The present research conditions achieved parameter concentration reductions of up to 94% for nitrogen, 82% for phosphorus, and 93% for COD values—for microalgae cultivation under continuous illumination conditions, and up to 90%, 65% and 94%, respectively, for microalgae cultivation under the day–night illumination cycle. The reduction of phosphorus content was visibly lower for day–night illumination cycles. For nitrogen and COD, the threshold percentages of nutrient removal were achieved in both illumination systems and for phosphorus in continuous illumination, as mentioned by the European Directive 91/271/EEC. However, the concentrations for COD, TN, and TP after microalgae cultivation are still higher than those indicated by the Directive, even when the threshold reduction rates are achieved.

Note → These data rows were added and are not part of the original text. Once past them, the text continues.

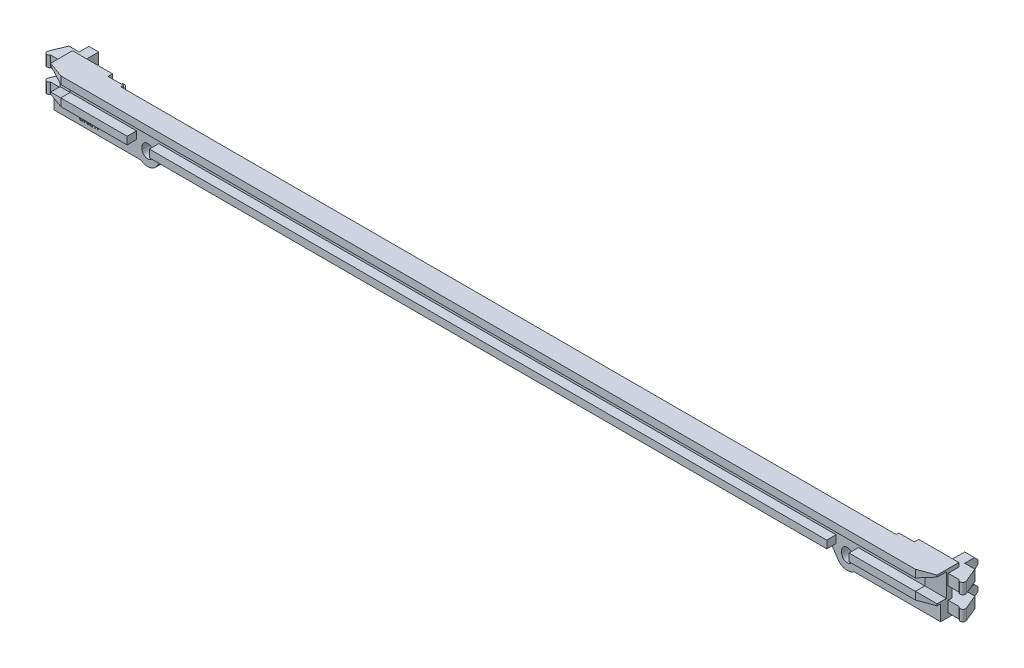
from build123d import *
from OCP.BRepFilletAPI import BRepFilletAPI_MakeChamfer

# Parameters (mm, degrees)
EXTRUDE_1_DEPTH     = 2.5
SKETCH_3_W          = 199.3
SKETCH_3_H          = 1.7
SKETCH_3_W_2        = 18.5
SKETCH_3_W_3        = 152.3
EXTRUDE_2_DEPTH     = 2.1
SKETCH_4_W          = 25.216666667
SKETCH_4_H          = 3.1
SKETCH_4_W_2        = 25.216666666
CUT_EXTRUDE_1_DEPTH = 1.6
EXTRUDE_3_DEPTH     = 2.45
SKETCH_6_W          = 12.5
SKETCH_6_H          = 1.5
SKETCH_6_H_2        = 1.4
EXTRUDE_4_DEPTH     = 0.6
SKETCH_7_W          = 9
SKETCH_7_H          = 1.5
SKETCH_7_H_2        = 1.4
EXTRUDE_5_DEPTH     = 1
CHAMFER_1_SIZE      = 1.3
CHAMFER_1_SIZE2     = 3.571720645
CHAMFER_2_SIZE      = 0.8
EXTRUDE_6_DEPTH     = 1.5
CUT_EXTRUDE_2_DEPTH = 0.2


with BuildPart() as part:
    # Sketch 1 → Extrude 1 (new body)
    with BuildSketch(Plane.XY):
        with BuildLine():
            Line((-73.042304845, -1.25), (73.042304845, -1.25))
            ThreePointArc((73.042304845, -1.25), (74.459347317, -1.60576275), (75.540302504, -2.588672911))
            Line((75.540302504, -2.588672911), (76.568335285, -4.134439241))
            ThreePointArc((76.568335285, -4.134439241), (78.226547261, -5.213876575), (80.15, -4.75))
            Line((80.15, -4.75), (99.65, -4.75))
            Line((99.65, -4.75), (99.65, 4.75))
            Line((99.65, 4.75), (-99.65, 4.75))
            Line((-99.65, 4.75), (-99.65, -4.75))
            Line((-99.65, -4.75), (-80.15, -4.75))
            ThreePointArc((-80.15, -4.75), (-78.226547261, -5.213876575), (-76.568335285, -4.134439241))
            Line((-76.568335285, -4.134439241), (-75.540302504, -2.588672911))
            ThreePointArc((-75.540302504, -2.588672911), (-74.459347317, -1.60576275), (-73.042304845, -1.25))
        make_face()
        with BuildLine():
            Line((-77.4, -2), (-77.4, -2.5))
            ThreePointArc((-77.4, -2.5), (-78.65, -3.75), (-79.9, -2.5))
            Line((-79.9, -2.5), (-79.9, -2))
            ThreePointArc((-79.9, -2), (-78.65, -0.75), (-77.4, -2))
        make_face(mode=Mode.SUBTRACT)
        with BuildLine():
            Line((77.4, -2), (77.4, -2.5))
            ThreePointArc((77.4, -2.5), (78.65, -3.75), (79.9, -2.5))
            Line((79.9, -2.5), (79.9, -2))
            ThreePointArc((79.9, -2), (78.65, -0.75), (77.4, -2))
        make_face(mode=Mode.SUBTRACT)
    extrude(amount=EXTRUDE_1_DEPTH)

    # Sketch 3 → Extrude 2 (add)
    with BuildSketch(Plane.XY.offset(2.5)):
        with Locations((0, 3.9)):
            Rectangle(SKETCH_3_W, SKETCH_3_H)
        with Locations((-90.4, -0.4)):
            Rectangle(SKETCH_3_W_2, SKETCH_3_H)
        with Locations((90.4, -0.4)):
            Rectangle(SKETCH_3_W_2, SKETCH_3_H)
        with Locations((0, -0.4)):
            Rectangle(SKETCH_3_W_3, SKETCH_3_H)
    extrude(amount=EXTRUDE_2_DEPTH)

    # Sketch 4 → Cut-Extrude 1 (cut)
    with BuildSketch(Plane(origin=(0, 0, 0), x_dir=(-1, 0, 0), z_dir=(0, 0, -1))):
        with Locations((-65.541666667, 1.7)):
            Rectangle(SKETCH_4_W, SKETCH_4_H)
        with Locations((-39.325, 1.7)):
            Rectangle(SKETCH_4_W_2, SKETCH_4_H)
        with Locations((-13.108333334, 1.7)):
            Rectangle(SKETCH_4_W, SKETCH_4_H)
        with Locations((13.108333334, 1.7)):
            Rectangle(SKETCH_4_W, SKETCH_4_H)
        with Locations((39.325, 1.7)):
            Rectangle(SKETCH_4_W_2, SKETCH_4_H)
        with Locations((65.541666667, 1.7)):
            Rectangle(SKETCH_4_W, SKETCH_4_H)
        with BuildLine():
            Line((80.9, -3.35), (97.45, -3.35))
            Line((97.45, -3.35), (97.45, 3.25))
            Line((97.45, 3.25), (79.15, 3.25))
            Line((79.15, 3.25), (79.15, 0.193741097))
            ThreePointArc((79.15, 0.193741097), (80.40890591, -0.59687848), (80.9, -2))
            Line((80.9, -2), (80.9, -3.35))
        make_face()
        with BuildLine():
            Line((-80.9, -3.35), (-97.45, -3.35))
            Line((-97.45, -3.35), (-97.45, 3.25))
            Line((-97.45, 3.25), (-79.15, 3.25))
            Line((-79.15, 3.25), (-79.15, 0.193741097))
            ThreePointArc((-79.15, 0.193741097), (-80.40890591, -0.59687848), (-80.9, -2))
            Line((-80.9, -2), (-80.9, -3.35))
        make_face()
    extrude(amount=-CUT_EXTRUDE_1_DEPTH, mode=Mode.SUBTRACT)

    # Sketch 5 → Extrude 3 (add)
    with BuildSketch(Plane(origin=(0, 3.85, 0), x_dir=(1, 0, 0), z_dir=(0, 1, 0))):
        with BuildLine():
            Line((97.35, 0), (99.65, 0))
            Line((99.65, 0), (99.65, -0.8))
            Line((99.65, -0.8), (102.130384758, -0.8))
            ThreePointArc((102.130384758, -0.8), (102.915351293, -1.038134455), (103.204346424, -0.270435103))
            Line((103.204346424, -0.270435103), (101.85, 3))
            Line((101.85, 3), (99.55, 3))
            Line((99.55, 3), (99.55, 6))
            Line((99.55, 6), (97.35, 6))
            Line((97.35, 6), (97.35, 0))
        make_face()
        with BuildLine():
            Line((-97.35, 6), (-97.35, 0))
            Line((-97.35, 0), (-99.65, 0))
            Line((-99.65, 0), (-99.65, -0.8))
            Line((-99.65, -0.8), (-102.130384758, -0.8))
            ThreePointArc((-102.130384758, -0.8), (-102.915351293, -1.038134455), (-103.204346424, -0.270435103))
            Line((-103.204346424, -0.270435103), (-101.85, 3))
            Line((-101.85, 3), (-99.55, 3))
            Line((-99.55, 3), (-99.55, 6))
            Line((-99.55, 6), (-97.35, 6))
        make_face()
    extrude_3 = extrude(amount=-EXTRUDE_3_DEPTH)

    # Mirror 1: Extrude 3 across plane
    add(extrude_3.mirror(Plane.ZX))

    # Sketch 6 → Extrude 4 (add)
    with BuildSketch(Plane(origin=(0, 0, 0), x_dir=(-1, 0, 0), z_dir=(0, 0, -1))):
        with Locations((93.4, 4)):
            Rectangle(SKETCH_6_W, SKETCH_6_H)
        with Locations((93.4, -4.05)):
            Rectangle(SKETCH_6_W, SKETCH_6_H_2)
        with Locations((-93.4, 4)):
            Rectangle(SKETCH_6_W, SKETCH_6_H)
        with Locations((-93.4, -4.05)):
            Rectangle(SKETCH_6_W, SKETCH_6_H_2)
    extrude(amount=EXTRUDE_4_DEPTH)

    # Sketch 7 → Extrude 5 (add)
    with BuildSketch(Plane(origin=(0, 0, -0.6), x_dir=(-1, 0, 0), z_dir=(0, 0, -1))):
        with Locations((-95.15, 4)):
            Rectangle(SKETCH_7_W, SKETCH_7_H)
        with Locations((-95.15, -4.05)):
            Rectangle(SKETCH_7_W, SKETCH_7_H_2)
        with Locations((95.15, 4)):
            Rectangle(SKETCH_7_W, SKETCH_7_H)
        with Locations((95.15, -4.05)):
            Rectangle(SKETCH_7_W, SKETCH_7_H_2)
    extrude(amount=EXTRUDE_5_DEPTH)

    # Chamfer 1: one chamfer whose edges measure the first distance from different faces: ONE call of the kernel's chamfer builder (chamfer() names one face for all edges)
    chamfer_1_edges_1 = [part.edges().sort_by_distance(p)[0] for p in [
        (99.65, 3.9, 4.6),
        (99.65, -0.4, 4.6),
        (99.65, 3.05, 3.55),
        (99.65, 1.75, 2.5),
        (99.65, 0.45, 3.55),
    ]]
    chamfer_1_side_1 = [part.faces().sort_by_distance(p)[0] for p in [
        (99.65, 0.418592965, 1.7139866),
    ]]
    chamfer_1_edges_2 = [part.edges().sort_by_distance(p)[0] for p in [
        (-99.65, -0.4, 4.6),
        (-99.65, 0.45, 3.55),
        (-99.65, 1.75, 2.5),
        (-99.65, 3.05, 3.55),
        (-99.65, 3.9, 4.6),
    ]]
    chamfer_1_side_2 = [part.faces().sort_by_distance(p)[0] for p in [
        (-99.65, 0.418592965, 1.7139866),
    ]]
    chamfer_1 = BRepFilletAPI_MakeChamfer(part.part.solid().wrapped)
    for e in chamfer_1_edges_1:
        chamfer_1.Add(CHAMFER_1_SIZE, CHAMFER_1_SIZE2, e.wrapped, chamfer_1_side_1[0].wrapped)  # the first distance lies on this face
    for e in chamfer_1_edges_2:
        chamfer_1.Add(CHAMFER_1_SIZE, CHAMFER_1_SIZE2, e.wrapped, chamfer_1_side_2[0].wrapped)  # the first distance lies on this face
    add(Compound.cast(chamfer_1.Shape()), mode=Mode.REPLACE)

    # Chamfer 2
    chamfer_2_edges = [part.edges().sort_by_distance(p)[0] for p in [
        (98.45, 1.4, -6),
        (97.35, 2.625, -6),
        (98.45, 3.85, -6),
        (-98.45, 1.4, -6),
        (-97.35, 2.625, -6),
        (-98.45, 3.85, -6),
        (97.35, -2.625, -6),
        (98.45, -3.85, -6),
        (98.45, -1.4, -6),
        (-98.45, -3.85, -6),
        (-97.35, -2.625, -6),
        (-98.45, -1.4, -6),
    ]]
    chamfer(chamfer_2_edges, length=CHAMFER_2_SIZE)

    # Sketch 9 → Extrude 6 (add, symmetric)
    with BuildSketch(Plane(origin=(0, 0, 0), x_dir=(1, 0, 0), z_dir=(0, 1, 0))):
        Polygon((-90.9, 4.1), (-90.9, -1.6), (-88.9, -1.6), (-89.589745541, 3.307794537), (-90.2, 4.1), align=None)
        Polygon((90.2, 4.1), (89.589745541, 3.307794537), (88.9, -1.6), (90.9, -1.6), (90.9, 4.1), align=None)
    extrude(amount=EXTRUDE_6_DEPTH, both=True)

    # Sketch 10 → Cut-Extrude 2 (cut)
    # profile 1 of 4: a face of its own
    with BuildSketch(Plane.XY.offset(2.5)):
        with BuildLine():
            add(Edge.make_bspline(
                [(-94.062280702, -3.048245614), (-94.061924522, -3.015099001), (-94.061237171, -2.951133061), (-94.05550418, -2.858834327), (-94.045523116, -2.773794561), (-94.031723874, -2.695953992), (-94.014105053, -2.625270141), (-93.992363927, -2.56184921), (-93.967019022, -2.505454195), (-93.9366888, -2.456510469), (-93.903076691, -2.414008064), (-93.866292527, -2.377064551), (-93.826295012, -2.345760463), (-93.783064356, -2.320161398), (-93.73670486, -2.300514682), (-93.687261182, -2.286598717), (-93.634598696, -2.277954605), (-93.598376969, -2.276870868), (-93.579824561, -2.276315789)],
                knots=[0, 0, 0, 0, 1.545771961, 2.983012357, 4.310477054, 5.53694469, 6.667573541, 7.704171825, 8.660118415, 9.544545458, 10.382225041, 11.182194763, 11.970229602, 12.744599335, 13.518524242, 14.311480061, 15.135156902, 16, 16, 16, 16], degree=3))
            add(Edge.make_bspline(
                [(-93.579824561, -2.276315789), (-93.561271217, -2.276866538), (-93.525047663, -2.277941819), (-93.472192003, -2.286680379), (-93.422314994, -2.300520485), (-93.375360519, -2.320066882), (-93.331689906, -2.345838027), (-93.291076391, -2.377127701), (-93.253330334, -2.413956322), (-93.218750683, -2.456464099), (-93.187423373, -2.505388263), (-93.161109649, -2.561799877), (-93.138316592, -2.625175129), (-93.120056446, -2.695900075), (-93.106008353, -2.773787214), (-93.095699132, -2.858823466), (-93.089549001, -2.951121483), (-93.08892158, -3.015097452), (-93.088596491, -3.048245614)],
                knots=[0, 0, 0, 0, 0.860780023, 1.68058719, 2.479491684, 3.259041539, 4.034105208, 4.82638745, 5.633332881, 6.476525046, 7.364812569, 8.322660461, 9.359409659, 10.487238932, 11.708844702, 13.030675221, 14.461490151, 16, 16, 16, 16], degree=3))
            add(Edge.make_bspline(
                [(-93.088596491, -3.048245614), (-93.088919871, -3.081393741), (-93.08954294, -3.14526158), (-93.095692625, -3.237345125), (-93.106024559, -3.322051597), (-93.119957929, -3.3994278), (-93.138370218, -3.46947173), (-93.161112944, -3.532100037), (-93.187337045, -3.587823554), (-93.218765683, -3.63583649), (-93.253345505, -3.677373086), (-93.291097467, -3.713236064), (-93.331802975, -3.743526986), (-93.37545781, -3.768592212), (-93.422322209, -3.787894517), (-93.472246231, -3.801253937), (-93.525031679, -3.810209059), (-93.56126754, -3.810998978), (-93.579824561, -3.811403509)],
                knots=[0, 0, 0, 0, 1.548230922, 2.98303917, 4.308200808, 5.532550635, 6.652834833, 7.686623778, 8.641401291, 9.522543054, 10.35935634, 11.160886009, 11.949022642, 12.72391454, 13.50644669, 14.309045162, 15.13403228, 16, 16, 16, 16], degree=3))
            add(Edge.make_bspline(
                [(-93.579824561, -3.811403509), (-93.598380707, -3.810994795), (-93.634614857, -3.810196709), (-93.68720608, -3.801334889), (-93.736697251, -3.787900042), (-93.782968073, -3.768499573), (-93.826179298, -3.743604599), (-93.866269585, -3.713299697), (-93.903062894, -3.677321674), (-93.936675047, -3.635790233), (-93.967104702, -3.587754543), (-93.992360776, -3.532050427), (-94.014053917, -3.469376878), (-94.031819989, -3.399372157), (-94.045507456, -3.322044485), (-94.055510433, -3.237334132), (-94.061242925, -3.145249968), (-94.061926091, -3.081392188), (-94.062280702, -3.048245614)],
                knots=[0, 0, 0, 0, 0.870119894, 1.699062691, 2.495710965, 3.272607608, 4.046805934, 4.830589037, 5.624963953, 6.456101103, 7.333244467, 8.286074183, 9.319696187, 10.442778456, 11.672084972, 13.002989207, 14.444345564, 16, 16, 16, 16], degree=3))
        make_face()
        with BuildLine():
            add(Edge.make_bspline(
                [(-93.851754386, -3.048245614), (-93.851496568, -3.077597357), (-93.851003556, -3.133725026), (-93.847547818, -3.213924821), (-93.841576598, -3.28625356), (-93.832840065, -3.35065551), (-93.822202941, -3.407323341), (-93.808651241, -3.45592553), (-93.793123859, -3.496865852), (-93.774216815, -3.530056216), (-93.753349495, -3.557193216), (-93.732129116, -3.580679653), (-93.709495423, -3.600514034), (-93.685570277, -3.616412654), (-93.660884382, -3.629439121), (-93.634733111, -3.638076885), (-93.607707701, -3.644005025), (-93.58917037, -3.644491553), (-93.579824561, -3.644736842)],
                knots=[0, 0, 0, 0, 1.935009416, 3.700208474, 5.290966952, 6.717666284, 7.983429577, 9.088666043, 10.040575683, 10.86236036, 11.596304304, 12.29363804, 12.946461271, 13.574167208, 14.184039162, 14.780089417, 15.384968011, 16, 16, 16, 16], degree=3))
            add(Edge.make_bspline(
                [(-93.579824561, -3.644736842), (-93.570479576, -3.644485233), (-93.551837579, -3.643983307), (-93.524598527, -3.638073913), (-93.498115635, -3.629456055), (-93.473059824, -3.61633162), (-93.448527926, -3.60055661), (-93.425243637, -3.580612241), (-93.403047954, -3.557243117), (-93.381206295, -3.530122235), (-93.361292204, -3.496954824), (-93.344787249, -3.455987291), (-93.33019069, -3.407413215), (-93.318929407, -3.350698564), (-93.309951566, -3.28626065), (-93.303649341, -3.213933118), (-93.29978116, -3.133733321), (-93.299348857, -3.077598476), (-93.299122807, -3.048245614)],
                knots=[0, 0, 0, 0, 0.611201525, 1.219265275, 1.81832141, 2.430716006, 3.066343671, 3.725874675, 4.433422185, 5.175826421, 6.003240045, 6.957248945, 8.061566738, 9.322244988, 10.74103478, 12.322506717, 14.077041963, 16, 16, 16, 16], degree=3))
            add(Edge.make_bspline(
                [(-93.299122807, -3.048245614), (-93.299351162, -3.018892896), (-93.299788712, -2.962650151), (-93.303643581, -2.882232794), (-93.309984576, -2.809478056), (-93.318894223, -2.74459831), (-93.330232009, -2.687358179), (-93.344868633, -2.638167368), (-93.361276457, -2.596307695), (-93.381337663, -2.562181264), (-93.402836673, -2.533807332), (-93.425241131, -2.50972186), (-93.448619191, -2.489203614), (-93.472850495, -2.47228677), (-93.498125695, -2.458990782), (-93.524529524, -2.449859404), (-93.551858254, -2.444170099), (-93.570484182, -2.443379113), (-93.579824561, -2.442982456)],
                knots=[0, 0, 0, 0, 1.905496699, 3.651122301, 5.225236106, 6.645066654, 7.901182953, 9.008941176, 9.973772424, 10.81182905, 11.569731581, 12.281072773, 12.943777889, 13.585412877, 14.195455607, 14.791357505, 15.393899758, 16, 16, 16, 16], degree=3))
            add(Edge.make_bspline(
                [(-93.579824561, -2.442982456), (-93.589165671, -2.44337305), (-93.607686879, -2.444147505), (-93.634802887, -2.449857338), (-93.660873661, -2.459007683), (-93.685784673, -2.472208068), (-93.709401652, -2.489244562), (-93.73213411, -2.509654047), (-93.753556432, -2.533866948), (-93.77408503, -2.562240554), (-93.793138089, -2.59639566), (-93.808573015, -2.638225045), (-93.822164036, -2.687446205), (-93.832873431, -2.744641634), (-93.841544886, -2.809484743), (-93.847553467, -2.882241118), (-93.85099648, -2.962658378), (-93.851494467, -3.018893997), (-93.851754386, -3.048245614)],
                knots=[0, 0, 0, 0, 0.609805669, 1.209100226, 1.80197336, 2.409477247, 3.043460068, 3.699626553, 4.401016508, 5.150948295, 5.983648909, 6.946538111, 8.055194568, 9.316215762, 10.743762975, 12.326884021, 14.082853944, 16, 16, 16, 16], degree=3))
        make_face(mode=Mode.SUBTRACT)
    # profile 2 of 4: a face of its own
    with BuildSketch(Plane.XY.offset(2.5)):
        Polygon((-92.904385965, -2.293859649), (-92.685087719, -2.293859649), (-92.202631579, -3.381578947), (-92.193859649, -3.381578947), (-92.193859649, -2.293859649), (-91.992105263, -2.293859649), (-91.992105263, -3.793859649), (-92.211403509, -3.793859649), (-92.693859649, -2.706140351), (-92.702631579, -2.706140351), (-92.702631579, -3.793859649), (-92.904385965, -3.793859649), align=None)
    # profile 3 of 4: a face of its own
    with BuildSketch(Plane.XY.offset(2.5)):
        with BuildLine():
            add(Edge.make_bspline(
                [(-91.816666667, -3.048245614), (-91.816310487, -3.015099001), (-91.815623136, -2.951133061), (-91.809890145, -2.858834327), (-91.799909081, -2.773794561), (-91.786109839, -2.695953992), (-91.768491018, -2.625270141), (-91.746749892, -2.56184921), (-91.721404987, -2.505454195), (-91.691074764, -2.456510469), (-91.657462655, -2.414008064), (-91.620678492, -2.377064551), (-91.580680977, -2.345760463), (-91.53745032, -2.320161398), (-91.491090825, -2.300514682), (-91.441647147, -2.286598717), (-91.388984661, -2.277954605), (-91.352762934, -2.276870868), (-91.334210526, -2.276315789)],
                knots=[0, 0, 0, 0, 1.545771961, 2.983012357, 4.310477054, 5.53694469, 6.667573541, 7.704171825, 8.660118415, 9.544545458, 10.382225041, 11.182194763, 11.970229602, 12.744599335, 13.518524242, 14.311480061, 15.135156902, 16, 16, 16, 16], degree=3))
            add(Edge.make_bspline(
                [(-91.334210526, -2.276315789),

For a continuous illumination growth system, for example, after cultivation in a growth medium modified by adding DCW equivalent to a lactose concentration of 10 g/L, the average values for TN, TP, and COD were 20, 60, and 900 mg/L, respectively, instead of the required 15, 2, and 125 125 mg/L, respectively (European Directive 91/271/EEC). However, given the initial high organic load, the reduction is significant.

Further studies will focus on the potential of using multi-step microalgae-based treatment processes, with effluents not in line with requirements for release into the environment being recirculated and used for growth medium preparation of new microalgae cultivation batches. The nutrient reduction could therefore be reduced to percentages much higher than 90% [44]. For the procedure proposed in this paper, the recirculation of the growth medium can be easily integrated into the process for main waste effluent dilution before microalgae cultivation or for microalgae inoculum preparation, aiding in wastewater reclamation.